(GIVEN RECORDS Opens)

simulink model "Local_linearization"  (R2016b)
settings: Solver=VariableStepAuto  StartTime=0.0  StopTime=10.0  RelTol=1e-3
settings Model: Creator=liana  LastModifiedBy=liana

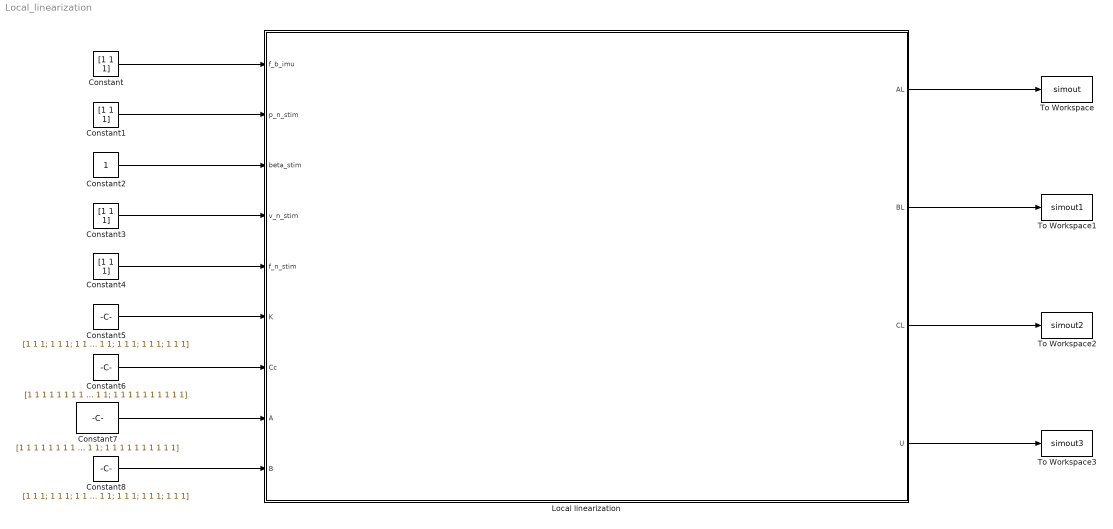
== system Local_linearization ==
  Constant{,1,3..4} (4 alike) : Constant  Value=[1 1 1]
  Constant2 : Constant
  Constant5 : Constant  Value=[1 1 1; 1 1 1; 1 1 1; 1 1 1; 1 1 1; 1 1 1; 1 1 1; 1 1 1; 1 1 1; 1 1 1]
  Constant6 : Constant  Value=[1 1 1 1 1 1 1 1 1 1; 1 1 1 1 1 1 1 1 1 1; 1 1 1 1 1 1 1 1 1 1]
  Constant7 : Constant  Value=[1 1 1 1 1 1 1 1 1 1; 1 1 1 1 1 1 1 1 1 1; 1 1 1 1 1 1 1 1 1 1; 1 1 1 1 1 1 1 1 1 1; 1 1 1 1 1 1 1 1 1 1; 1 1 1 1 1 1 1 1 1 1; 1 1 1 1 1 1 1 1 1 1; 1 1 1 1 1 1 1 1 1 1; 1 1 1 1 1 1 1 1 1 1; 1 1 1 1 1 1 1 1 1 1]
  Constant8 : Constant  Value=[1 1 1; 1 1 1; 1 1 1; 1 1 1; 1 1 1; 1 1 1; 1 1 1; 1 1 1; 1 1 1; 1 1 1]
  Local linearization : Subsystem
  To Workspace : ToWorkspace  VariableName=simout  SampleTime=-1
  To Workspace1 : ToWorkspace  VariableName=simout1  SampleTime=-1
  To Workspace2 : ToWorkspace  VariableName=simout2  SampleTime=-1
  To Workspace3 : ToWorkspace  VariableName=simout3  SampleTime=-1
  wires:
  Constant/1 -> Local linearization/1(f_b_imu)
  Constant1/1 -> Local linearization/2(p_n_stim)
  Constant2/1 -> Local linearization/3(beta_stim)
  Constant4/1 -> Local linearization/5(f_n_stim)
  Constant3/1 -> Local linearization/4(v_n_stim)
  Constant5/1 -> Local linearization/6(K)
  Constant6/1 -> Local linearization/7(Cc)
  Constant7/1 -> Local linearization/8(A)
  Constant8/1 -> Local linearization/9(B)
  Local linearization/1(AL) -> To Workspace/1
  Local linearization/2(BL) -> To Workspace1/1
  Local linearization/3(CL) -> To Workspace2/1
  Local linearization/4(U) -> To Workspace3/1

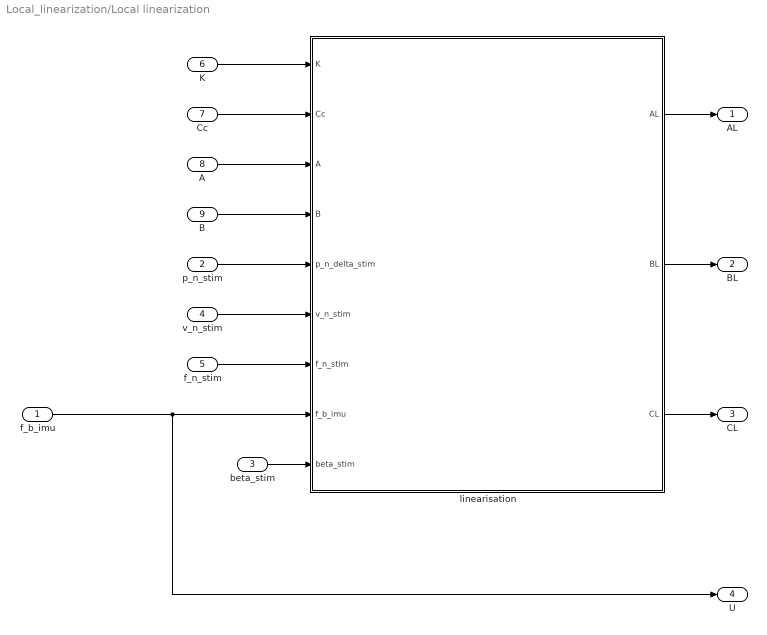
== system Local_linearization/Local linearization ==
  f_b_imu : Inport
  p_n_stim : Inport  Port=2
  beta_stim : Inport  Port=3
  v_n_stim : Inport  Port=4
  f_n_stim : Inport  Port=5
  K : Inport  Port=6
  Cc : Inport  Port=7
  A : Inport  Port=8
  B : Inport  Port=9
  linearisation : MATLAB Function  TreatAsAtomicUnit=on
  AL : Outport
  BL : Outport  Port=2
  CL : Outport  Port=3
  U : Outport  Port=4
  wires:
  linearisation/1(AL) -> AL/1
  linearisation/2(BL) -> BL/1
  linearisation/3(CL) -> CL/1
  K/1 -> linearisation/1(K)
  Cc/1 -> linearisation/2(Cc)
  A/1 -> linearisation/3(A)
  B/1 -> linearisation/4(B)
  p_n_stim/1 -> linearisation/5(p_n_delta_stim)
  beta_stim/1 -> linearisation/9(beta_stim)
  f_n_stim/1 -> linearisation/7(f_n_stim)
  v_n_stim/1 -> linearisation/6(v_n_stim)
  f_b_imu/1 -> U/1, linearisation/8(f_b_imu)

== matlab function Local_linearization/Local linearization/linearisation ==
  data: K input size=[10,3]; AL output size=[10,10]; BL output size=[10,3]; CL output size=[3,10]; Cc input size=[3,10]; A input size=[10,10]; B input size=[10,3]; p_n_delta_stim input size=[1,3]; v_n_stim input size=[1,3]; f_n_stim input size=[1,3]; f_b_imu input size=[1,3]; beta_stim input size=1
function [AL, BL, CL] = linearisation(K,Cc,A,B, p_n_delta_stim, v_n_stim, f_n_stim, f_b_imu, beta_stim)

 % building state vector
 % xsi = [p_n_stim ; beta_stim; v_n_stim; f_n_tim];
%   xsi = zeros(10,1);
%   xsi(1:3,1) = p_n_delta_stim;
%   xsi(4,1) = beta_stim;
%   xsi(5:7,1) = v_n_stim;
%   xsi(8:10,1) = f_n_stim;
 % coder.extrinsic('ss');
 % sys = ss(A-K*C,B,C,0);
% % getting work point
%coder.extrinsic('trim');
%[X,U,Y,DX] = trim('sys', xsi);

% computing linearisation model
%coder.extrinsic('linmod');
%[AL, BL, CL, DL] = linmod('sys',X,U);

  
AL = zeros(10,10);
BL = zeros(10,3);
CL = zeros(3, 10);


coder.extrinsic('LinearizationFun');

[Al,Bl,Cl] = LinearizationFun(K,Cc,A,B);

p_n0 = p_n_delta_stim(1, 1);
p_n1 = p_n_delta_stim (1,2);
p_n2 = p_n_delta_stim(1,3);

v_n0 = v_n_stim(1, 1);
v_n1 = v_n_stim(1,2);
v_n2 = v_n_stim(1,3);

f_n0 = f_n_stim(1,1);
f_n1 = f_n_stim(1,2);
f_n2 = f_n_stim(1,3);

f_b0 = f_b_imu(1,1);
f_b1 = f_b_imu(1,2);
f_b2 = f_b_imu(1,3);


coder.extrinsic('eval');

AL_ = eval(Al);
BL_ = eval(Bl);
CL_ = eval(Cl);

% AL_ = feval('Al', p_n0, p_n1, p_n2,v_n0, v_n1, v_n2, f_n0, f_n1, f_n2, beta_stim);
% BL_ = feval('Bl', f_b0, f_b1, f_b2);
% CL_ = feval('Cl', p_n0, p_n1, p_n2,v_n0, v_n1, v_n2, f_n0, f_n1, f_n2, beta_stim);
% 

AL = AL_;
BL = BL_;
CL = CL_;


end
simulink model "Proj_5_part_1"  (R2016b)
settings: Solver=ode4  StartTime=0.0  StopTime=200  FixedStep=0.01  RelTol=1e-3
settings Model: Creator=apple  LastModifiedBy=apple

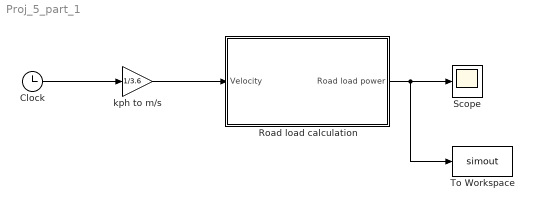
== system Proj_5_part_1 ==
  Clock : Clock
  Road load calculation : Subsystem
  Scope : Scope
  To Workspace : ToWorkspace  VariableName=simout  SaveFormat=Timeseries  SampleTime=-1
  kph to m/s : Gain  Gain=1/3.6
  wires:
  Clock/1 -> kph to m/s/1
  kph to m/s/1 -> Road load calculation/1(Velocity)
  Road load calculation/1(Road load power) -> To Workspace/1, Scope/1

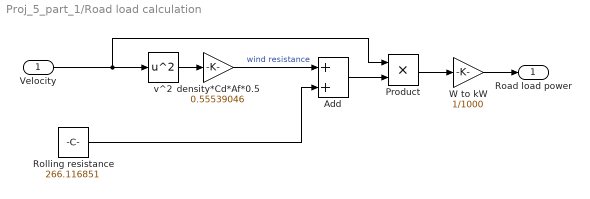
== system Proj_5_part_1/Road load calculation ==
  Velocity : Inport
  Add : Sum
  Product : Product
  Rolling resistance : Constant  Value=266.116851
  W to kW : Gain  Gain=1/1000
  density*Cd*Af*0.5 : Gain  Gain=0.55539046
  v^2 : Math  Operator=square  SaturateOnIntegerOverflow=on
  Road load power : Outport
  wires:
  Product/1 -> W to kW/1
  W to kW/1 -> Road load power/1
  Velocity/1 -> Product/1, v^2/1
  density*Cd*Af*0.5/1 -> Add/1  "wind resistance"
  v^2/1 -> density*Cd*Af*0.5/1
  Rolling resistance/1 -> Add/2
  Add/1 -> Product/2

(GIVEN RECORDS Closes)

INSTRUCTIONS TO FOLLOW = Every line above gets copied exactly; none of the pictures do.

EXERCISE SOLUTION =
simulink model "Local_linearization"  (R2016b)
settings: Solver=VariableStepAuto  StartTime=0.0  StopTime=10.0  RelTol=1e-3
settings Model: Creator=liana  LastModifiedBy=liana

== system Local_linearization ==
  Constant{,1,3..4} (4 alike) : Constant  Value=[1 1 1]
  Constant2 : Constant
  Constant5 : Constant  Value=[1 1 1; 1 1 1; 1 1 1; 1 1 1; 1 1 1; 1 1 1; 1 1 1; 1 1 1; 1 1 1; 1 1 1]
  Constant6 : Constant  Value=[1 1 1 1 1 1 1 1 1 1; 1 1 1 1 1 1 1 1 1 1; 1 1 1 1 1 1 1 1 1 1]
  Constant7 : Constant  Value=[1 1 1 1 1 1 1 1 1 1; 1 1 1 1 1 1 1 1 1 1; 1 1 1 1 1 1 1 1 1 1; 1 1 1 1 1 1 1 1 1 1; 1 1 1 1 1 1 1 1 1 1; 1 1 1 1 1 1 1 1 1 1; 1 1 1 1 1 1 1 1 1 1; 1 1 1 1 1 1 1 1 1 1; 1 1 1 1 1 1 1 1 1 1; 1 1 1 1 1 1 1 1 1 1]
  Constant8 : Constant  Value=[1 1 1; 1 1 1; 1 1 1; 1 1 1; 1 1 1; 1 1 1; 1 1 1; 1 1 1; 1 1 1; 1 1 1]
  Local linearization : Subsystem
  To Workspace : ToWorkspace  VariableName=simout  SampleTime=-1
  To Workspace1 : ToWorkspace  VariableName=simout1  SampleTime=-1
  To Workspace2 : ToWorkspace  VariableName=simout2  SampleTime=-1
  To Workspace3 : ToWorkspace  VariableName=simout3  SampleTime=-1
  wires:
  Constant/1 -> Local linearization/1(f_b_imu)
  Constant1/1 -> Local linearization/2(p_n_stim)
  Constant2/1 -> Local linearization/3(beta_stim)
  Constant4/1 -> Local linearization/5(f_n_stim)
  Constant3/1 -> Local linearization/4(v_n_stim)
  Constant5/1 -> Local linearization/6(K)
  Constant6/1 -> Local linearization/7(Cc)
  Constant7/1 -> Local linearization/8(A)
  Constant8/1 -> Local linearization/9(B)
  Local linearization/1(AL) -> To Workspace/1
  Local linearization/2(BL) -> To Workspace1/1
  Local linearization/3(CL) -> To Workspace2/1
  Local linearization/4(U) -> To Workspace3/1

== system Local_linearization/Local linearization ==
  f_b_imu : Inport
  p_n_stim : Inport  Port=2
  beta_stim : Inport  Port=3
  v_n_stim : Inport  Port=4
  f_n_stim : Inport  Port=5
  K : Inport  Port=6
  Cc : Inport  Port=7
  A : Inport  Port=8
  B : Inport  Port=9
  linearisation : MATLAB Function  TreatAsAtomicUnit=on
  AL : Outport
  BL : Outport  Port=2
  CL : Outport  Port=3
  U : Outport  Port=4
  wires:
  linearisation/1(AL) -> AL/1
  linearisation/2(BL) -> BL/1
  linearisation/3(CL) -> CL/1
  K/1 -> linearisation/1(K)
  Cc/1 -> linearisation/2(Cc)
  A/1 -> linearisation/3(A)
  B/1 -> linearisation/4(B)
  p_n_stim/1 -> linearisation/5(p_n_delta_stim)
  beta_stim/1 -> linearisation/9(beta_stim)
  f_n_stim/1 -> linearisation/7(f_n_stim)
  v_n_stim/1 -> linearisation/6(v_n_stim)
  f_b_imu/1 -> U/1, linearisation/8(f_b_imu)

== matlab function Local_linearization/Local linearization/linearisation ==
  data: K input size=[10,3]; AL output size=[10,10]; BL output size=[10,3]; CL output size=[3,10]; Cc input size=[3,10]; A input size=[10,10]; B input size=[10,3]; p_n_delta_stim input size=[1,3]; v_n_stim input size=[1,3]; f_n_stim input size=[1,3]; f_b_imu input size=[1,3]; beta_stim input size=1
function [AL, BL, CL] = linearisation(K,Cc,A,B, p_n_delta_stim, v_n_stim, f_n_stim, f_b_imu, beta_stim)

 % building state vector
 % xsi = [p_n_stim ; beta_stim; v_n_stim; f_n_tim];
%   xsi = zeros(10,1);
%   xsi(1:3,1) = p_n_delta_stim;
%   xsi(4,1) = beta_stim;
%   xsi(5:7,1) = v_n_stim;
%   xsi(8:10,1) = f_n_stim;
 % coder.extrinsic('ss');
 % sys = ss(A-K*C,B,C,0);
% % getting work point
%coder.extrinsic('trim');
%[X,U,Y,DX] = trim('sys', xsi);

% computing linearisation model
%coder.extrinsic('linmod');
%[AL, BL, CL, DL] = linmod('sys',X,U);

  
AL = zeros(10,10);
BL = zeros(10,3);
CL = zeros(3, 10);


coder.extrinsic('LinearizationFun');

[Al,Bl,Cl] = LinearizationFun(K,Cc,A,B);

p_n0 = p_n_delta_stim(1, 1);
p_n1 = p_n_delta_stim (1,2);
p_n2 = p_n_delta_stim(1,3);

v_n0 = v_n_stim(1, 1);
v_n1 = v_n_stim(1,2);
v_n2 = v_n_stim(1,3);

f_n0 = f_n_stim(1,1);
f_n1 = f_n_stim(1,2);
f_n2 = f_n_stim(1,3);

f_b0 = f_b_imu(1,1);
f_b1 = f_b_imu(1,2);
f_b2 = f_b_imu(1,3);


coder.extrinsic('eval');

AL_ = eval(Al);
BL_ = eval(Bl);
CL_ = eval(Cl);

% AL_ = feval('Al', p_n0, p_n1, p_n2,v_n0, v_n1, v_n2, f_n0, f_n1, f_n2, beta_stim);
% BL_ = feval('Bl', f_b0, f_b1, f_b2);
% CL_ = feval('Cl', p_n0, p_n1, p_n2,v_n0, v_n1, v_n2, f_n0, f_n1, f_n2, beta_stim);
% 

AL = AL_;
BL = BL_;
CL = CL_;


end
simulink model "Proj_5_part_1"  (R2016b)
settings: Solver=ode4  StartTime=0.0  StopTime=200  FixedStep=0.01  RelTol=1e-3
settings Model: Creator=apple  LastModifiedBy=apple

== system Proj_5_part_1 ==
  Clock : Clock
  Road load calculation : Subsystem
  Scope : Scope
  To Workspace : ToWorkspace  VariableName=simout  SaveFormat=Timeseries  SampleTime=-1
  kph to m/s : Gain  Gain=1/3.6
  wires:
  Clock/1 -> kph to m/s/1
  kph to m/s/1 -> Road load calculation/1(Velocity)
  Road load calculation/1(Road load power) -> To Workspace/1, Scope/1

== system Proj_5_part_1/Road load calculation ==
  Velocity : Inport
  Add : Sum
  Product : Product
  Rolling resistance : Constant  Value=266.116851
  W to kW : Gain  Gain=1/1000
  density*Cd*Af*0.5 : Gain  Gain=0.55539046
  v^2 : Math  Operator=square  SaturateOnIntegerOverflow=on
  Road load power : Outport
  wires:
  Product/1 -> W to kW/1
  W to kW/1 -> Road load power/1
  Velocity/1 -> Product/1, v^2/1
  density*Cd*Af*0.5/1 -> Add/1  "wind resistance"
  v^2/1 -> density*Cd*Af*0.5/1
  Rolling resistance/1 -> Add/2
  Add/1 -> Product/2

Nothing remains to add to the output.